Records drawn from a dataset:

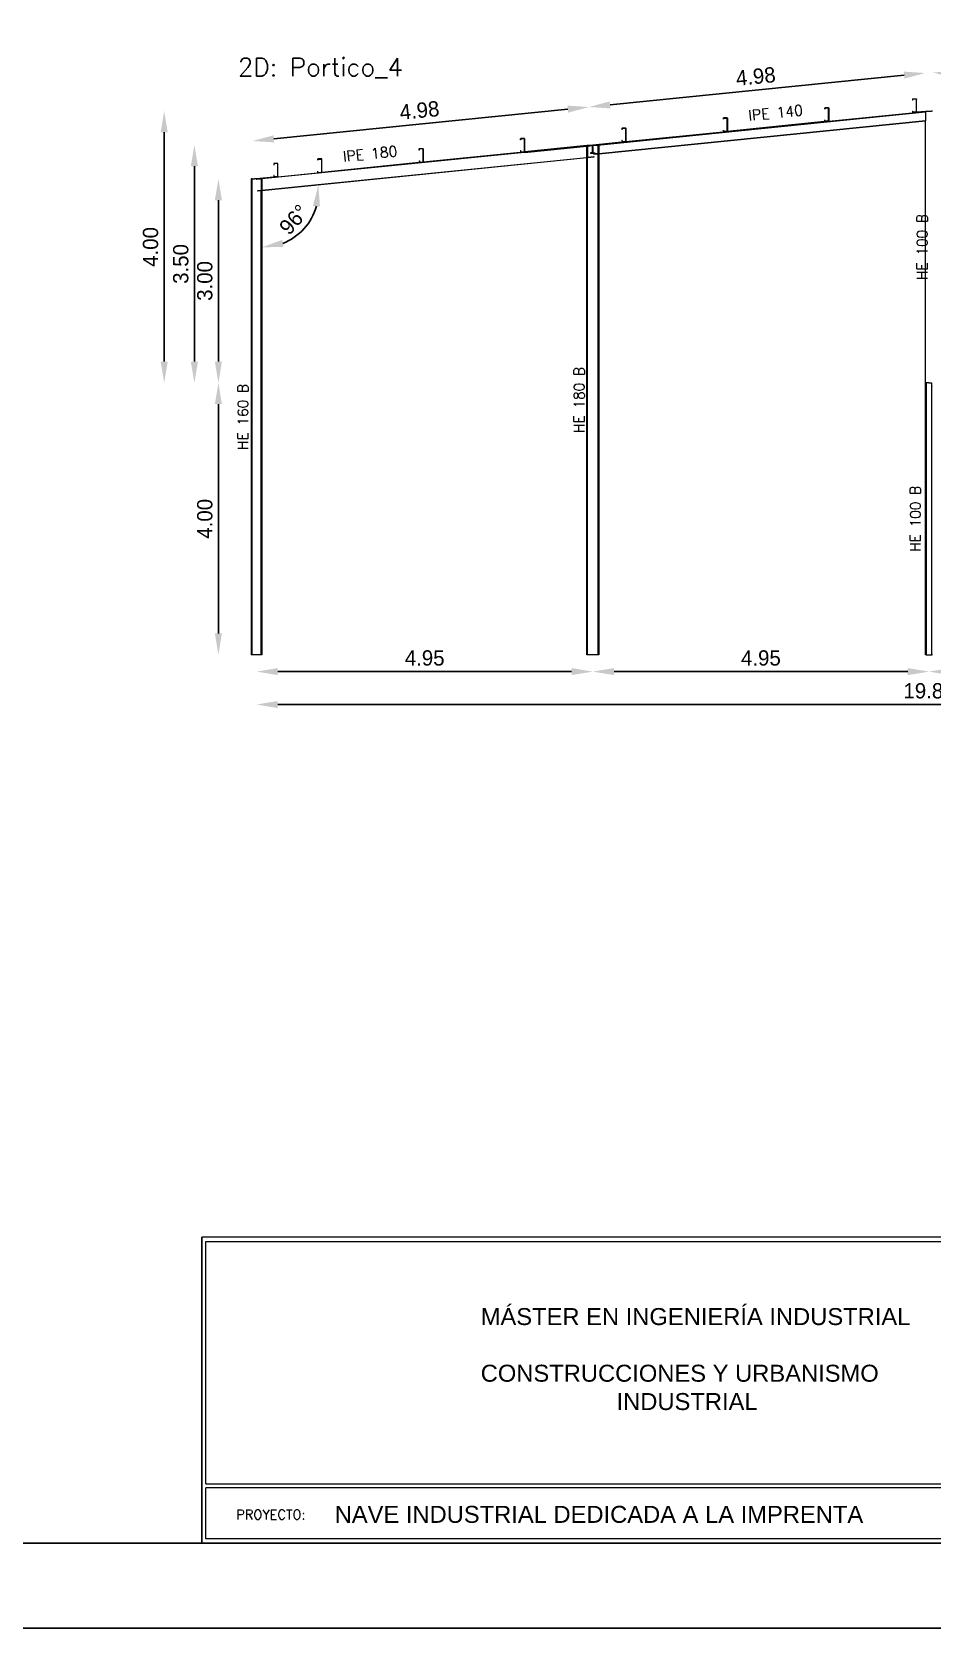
# Model space of a CAD drawing. Header units: inches. Extents: x 72863 to 72995, y 49095 to 49225.
# Drawn here: x 72883.71 to 72894.31, y 49195.01 to 49213.8 of the extents above; entities that cross this region are included whole.
import ezdxf
from ezdxf.enums import TextEntityAlignment as Align

# ---------------------------------------------------------------- set-up
doc = ezdxf.new("R2010")
doc.units = ezdxf.units.IN
doc.layers.get('0').update_dxf_attribs({"lineweight": 15})
for name, color, linetype, lineweight in [('BARRAS_DE_ACERO', 7, 'Continuous', 9), ('Cotas', 200, 'Continuous', 9), ('REFERENCIA_DE_LAS_BARRAS', 2, 'Continuous', 9), ('TITULOS', 9, 'Continuous', 9)]:
    doc.layers.add(name, color=color, linetype=linetype, lineweight=lineweight)
doc.layers.add('VG', color=7, linetype='Continuous')
doc.styles.add('CYPETXT', font='romans__.ttf', dxfattribs={"height": 0.2})
doc.styles.add('RomanS', font='')
doc.styles.get("Standard").update_dxf_attribs({"font": 'arial.ttf'})
doc.styles.get('RomanS').set_extended_font_data('Porsche')
doc.dimstyles.new('100-color', dxfattribs={"dimtxt": 0.18, "dimasz": 0.25, "dimexe": 0, "dimexo": 0.5, "dimgap": 0.07, "dimtad": 1, "dimlfac": 1.25, "dimzin": 4, "dimdsep": 46, "dimtxsty": 'RomanS', "dimcen": 0.1, "dimse1": 1, "dimse2": 1, "dimadec": 0, "dimazin": 0, "dimtfac": 1, "dimtix": 1, "dimtmove": 2, "dimatfit": 3, "dimfxl": 1, "dimtvp": 1.058824, "dimtolj": 1, "dimtzin": 1, "dimarcsym": 0})

# ---------------------------------------------------------------- blocks, each defined once
blk = doc.blocks.new('*D65')
at = {"layer": 'Cotas', "color": 0, "lineweight": -2, "transparency": 16777216}
blk.add_line((72886.606, 49206.27), (72890.066, 49206.27), dxfattribs=at)
at = {"layer": 'Cotas', "color": 0, "transparency": 16777216}
for points in [[(72886.606, 49206.312), (72886.606, 49206.229), (72886.356, 49206.27)], [(72890.066, 49206.312), (72890.066, 49206.229), (72890.316, 49206.27)]]:
    blk.add_solid(points, dxfattribs=at)
at = {"layer": 'Defpoints', "color": 0, "transparency": 16777216}
for p in [(72886.356, 49206.469), (72890.316, 49206.469), (72890.316, 49206.27)]:
    blk.add_point(p, dxfattribs=at)
at = {"layer": 'Cotas', "color": 0, "transparency": 16777216, "insert": (72888.336, 49206.43), "char_height": 0.18, "attachment_point": 5, "style": 'RomanS'}
blk.add_mtext('\\A1;4.95', dxfattribs=at)
blk = doc.blocks.new('*D66')
at = {"layer": 'Cotas', "color": 0, "lineweight": -2, "transparency": 16777216}
blk.add_line((72894.026, 49206.27), (72890.566, 49206.27), dxfattribs=at)
at = {"layer": 'Cotas', "color": 0, "transparency": 16777216}
for points in [[(72890.566, 49206.312), (72890.566, 49206.229), (72890.316, 49206.27)], [(72894.026, 49206.312), (72894.026, 49206.229), (72894.276, 49206.27)]]:
    blk.add_solid(points, dxfattribs=at)
at = {"layer": 'Defpoints', "color": 0, "transparency": 16777216}
for p in [(72890.316, 49206.469), (72894.276, 49206.469), (72890.316, 49206.27)]:
    blk.add_point(p, dxfattribs=at)
at = {"layer": 'Cotas', "color": 0, "transparency": 16777216, "insert": (72892.296, 49206.43), "char_height": 0.18, "attachment_point": 5, "style": 'RomanS'}
blk.add_mtext('\\A1;4.95', dxfattribs=at)
blk = doc.blocks.new('*D67')
at = {"layer": 'Cotas', "color": 0, "lineweight": -2, "transparency": 16777216}
blk.add_line((72886.606, 49205.883), (72901.946, 49205.883), dxfattribs=at)
at = {"layer": 'Cotas', "color": 0, "transparency": 16777216}
for points in [[(72886.606, 49205.924), (72886.606, 49205.841), (72886.356, 49205.883)], [(72901.946, 49205.924), (72901.946, 49205.841), (72902.196, 49205.883)]]:
    blk.add_solid(points, dxfattribs=at)
at = {"layer": 'Defpoints', "color": 0, "transparency": 16777216}
for p in [(72886.356, 49206.469), (72902.196, 49206.469), (72902.196, 49205.883)]:
    blk.add_point(p, dxfattribs=at)
at = {"layer": 'Cotas', "color": 0, "transparency": 16777216, "insert": (72894.276, 49206.043), "char_height": 0.18, "attachment_point": 5, "style": 'RomanS'}
blk.add_mtext('\\A1;19.80', dxfattribs=at)
blk = doc.blocks.new('*D68')
at = {"layer": 'Cotas', "color": 0, "lineweight": -2, "transparency": 16777216}
blk.add_line((72885.907, 49206.719), (72885.907, 49209.419), dxfattribs=at)
at = {"layer": 'Cotas', "color": 0, "transparency": 16777216}
for points in [[(72885.865, 49209.419), (72885.948, 49209.419), (72885.907, 49209.669)], [(72885.865, 49206.719), (72885.948, 49206.719), (72885.907, 49206.469)]]:
    blk.add_solid(points, dxfattribs=at)
at = {"layer": 'Defpoints', "color": 0, "transparency": 16777216}
for p in [(72885.907, 49209.669), (72886.356, 49209.669), (72886.356, 49206.469)]:
    blk.add_point(p, dxfattribs=at)
at = {"layer": 'Cotas', "color": 0, "transparency": 16777216, "insert": (72885.747, 49208.069), "char_height": 0.18, "attachment_point": 5, "rotation": 90, "style": 'RomanS'}
blk.add_mtext('\\A1;4.00', dxfattribs=at)
blk = doc.blocks.new('*D69')
at = {"layer": 'Cotas', "color": 0, "lineweight": -2, "transparency": 16777216}
blk.add_line((72885.907, 49211.819), (72885.907, 49209.919), dxfattribs=at)
at = {"layer": 'Cotas', "color": 0, "transparency": 16777216}
for points in [[(72885.865, 49211.819), (72885.948, 49211.819), (72885.907, 49212.069)], [(72885.865, 49209.919), (72885.948, 49209.919), (72885.907, 49209.669)]]:
    blk.add_solid(points, dxfattribs=at)
at = {"layer": 'Defpoints', "color": 0, "transparency": 16777216}
for p in [(72886.356, 49212.069), (72885.907, 49209.669), (72886.356, 49209.669)]:
    blk.add_point(p, dxfattribs=at)
at = {"layer": 'Cotas', "color": 0, "transparency": 16777216, "insert": (72885.747, 49210.869), "char_height": 0.18, "attachment_point": 5, "rotation": 90, "style": 'RomanS'}
blk.add_mtext('\\A1;3.00', dxfattribs=at)
blk = doc.blocks.new('*D70')
at = {"layer": 'Cotas', "color": 0, "lineweight": -2, "transparency": 16777216}
blk.add_line((72885.624, 49212.219), (72885.624, 49209.919), dxfattribs=at)
at = {"layer": 'Cotas', "color": 0, "transparency": 16777216}
for points in [[(72885.582, 49212.219), (72885.666, 49212.219), (72885.624, 49212.469)], [(72885.582, 49209.919), (72885.666, 49209.919), (72885.624, 49209.669)]]:
    blk.add_solid(points, dxfattribs=at)
at = {"layer": 'Defpoints', "color": 0, "transparency": 16777216}
for p in [(72890.316, 49212.469), (72885.624, 49209.669), (72890.316, 49209.669)]:
    blk.add_point(p, dxfattribs=at)
at = {"layer": 'Cotas', "color": 0, "transparency": 16777216, "insert": (72885.464, 49211.069), "char_height": 0.18, "attachment_point": 5, "rotation": 90, "style": 'RomanS'}
blk.add_mtext('\\A1;3.50', dxfattribs=at)
blk = doc.blocks.new('*D71')
at = {"layer": 'Cotas', "color": 0, "lineweight": -2, "transparency": 16777216}
blk.add_line((72885.268, 49212.619), (72885.268, 49209.919), dxfattribs=at)
at = {"layer": 'Cotas', "color": 0, "transparency": 16777216}
for points in [[(72885.227, 49212.619), (72885.31, 49212.619), (72885.268, 49212.869)], [(72885.227, 49209.919), (72885.31, 49209.919), (72885.268, 49209.669)]]:
    blk.add_solid(points, dxfattribs=at)
at = {"layer": 'Defpoints', "color": 0, "transparency": 16777216}
for p in [(72894.276, 49212.869), (72885.268, 49209.669), (72894.276, 49209.669)]:
    blk.add_point(p, dxfattribs=at)
at = {"layer": 'Cotas', "color": 0, "transparency": 16777216, "insert": (72885.108, 49211.269), "char_height": 0.18, "attachment_point": 5, "rotation": 90, "style": 'RomanS'}
blk.add_mtext('\\A1;4.00', dxfattribs=at)
blk = doc.blocks.new('*D72')
at = {"layer": 'Cotas', "color": 0, "lineweight": -2, "transparency": 16777216}
blk.add_line((72886.56, 49212.542), (72890.022, 49212.891), dxfattribs=at)
at = {"layer": 'Cotas', "color": 0, "transparency": 16777216}
for points in [[(72890.018, 49212.933), (72890.026, 49212.85), (72890.271, 49212.916)], [(72886.555, 49212.583), (72886.564, 49212.5), (72886.311, 49212.516)]]:
    blk.add_solid(points, dxfattribs=at)
at = {"layer": 'Defpoints', "color": 0, "transparency": 16777216}
for p in [(72890.271, 49212.916), (72890.316, 49212.469), (72886.356, 49212.069)]:
    blk.add_point(p, dxfattribs=at)
at = {"layer": 'Cotas', "color": 0, "transparency": 16777216, "insert": (72888.275, 49212.876), "char_height": 0.18, "attachment_point": 5, "rotation": 5.7679, "style": 'RomanS'}
blk.add_mtext('\\A1;4.98', dxfattribs=at)
blk = doc.blocks.new('*D73')
at = {"layer": 'Cotas', "color": 0, "lineweight": -2, "transparency": 16777216}
blk.add_line((72890.52, 49212.942), (72893.982, 49213.291), dxfattribs=at)
at = {"layer": 'Cotas', "color": 0, "transparency": 16777216}
for points in [[(72893.978, 49213.333), (72893.986, 49213.25), (72894.231, 49213.316)], [(72890.515, 49212.983), (72890.524, 49212.9), (72890.271, 49212.916)]]:
    blk.add_solid(points, dxfattribs=at)
at = {"layer": 'Defpoints', "color": 0, "transparency": 16777216}
for p in [(72894.231, 49213.316), (72894.276, 49212.869), (72890.316, 49212.469)]:
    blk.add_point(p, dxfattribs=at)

**WHAT THE EXERCISE ASKS:** Please write out exactly, and only, the lines from the beginning of the entries through the line containing "doc.styles.get('RomanS').set_extended_font_data('Porsche')", including both and skipping all pictures.

**TASK OUTPUT:**
# Model space of a CAD drawing. Header units: inches. Extents: x 72863 to 72995, y 49095 to 49225.
# Drawn here: x 72883.71 to 72894.31, y 49195.01 to 49213.8 of the extents above; entities that cross this region are included whole.
import ezdxf
from ezdxf.enums import TextEntityAlignment as Align

# ---------------------------------------------------------------- set-up
doc = ezdxf.new("R2010")
doc.units = ezdxf.units.IN
doc.layers.get('0').update_dxf_attribs({"lineweight": 15})
for name, color, linetype, lineweight in [('BARRAS_DE_ACERO', 7, 'Continuous', 9), ('Cotas', 200, 'Continuous', 9), ('REFERENCIA_DE_LAS_BARRAS', 2, 'Continuous', 9), ('TITULOS', 9, 'Continuous', 9)]:
    doc.layers.add(name, color=color, linetype=linetype, lineweight=lineweight)
doc.layers.add('VG', color=7, linetype='Continuous')
doc.styles.add('CYPETXT', font='romans__.ttf', dxfattribs={"height": 0.2})
doc.styles.add('RomanS', font='')
doc.styles.get("Standard").update_dxf_attribs({"font": 'arial.ttf'})
doc.styles.get('RomanS').set_extended_font_data('Porsche')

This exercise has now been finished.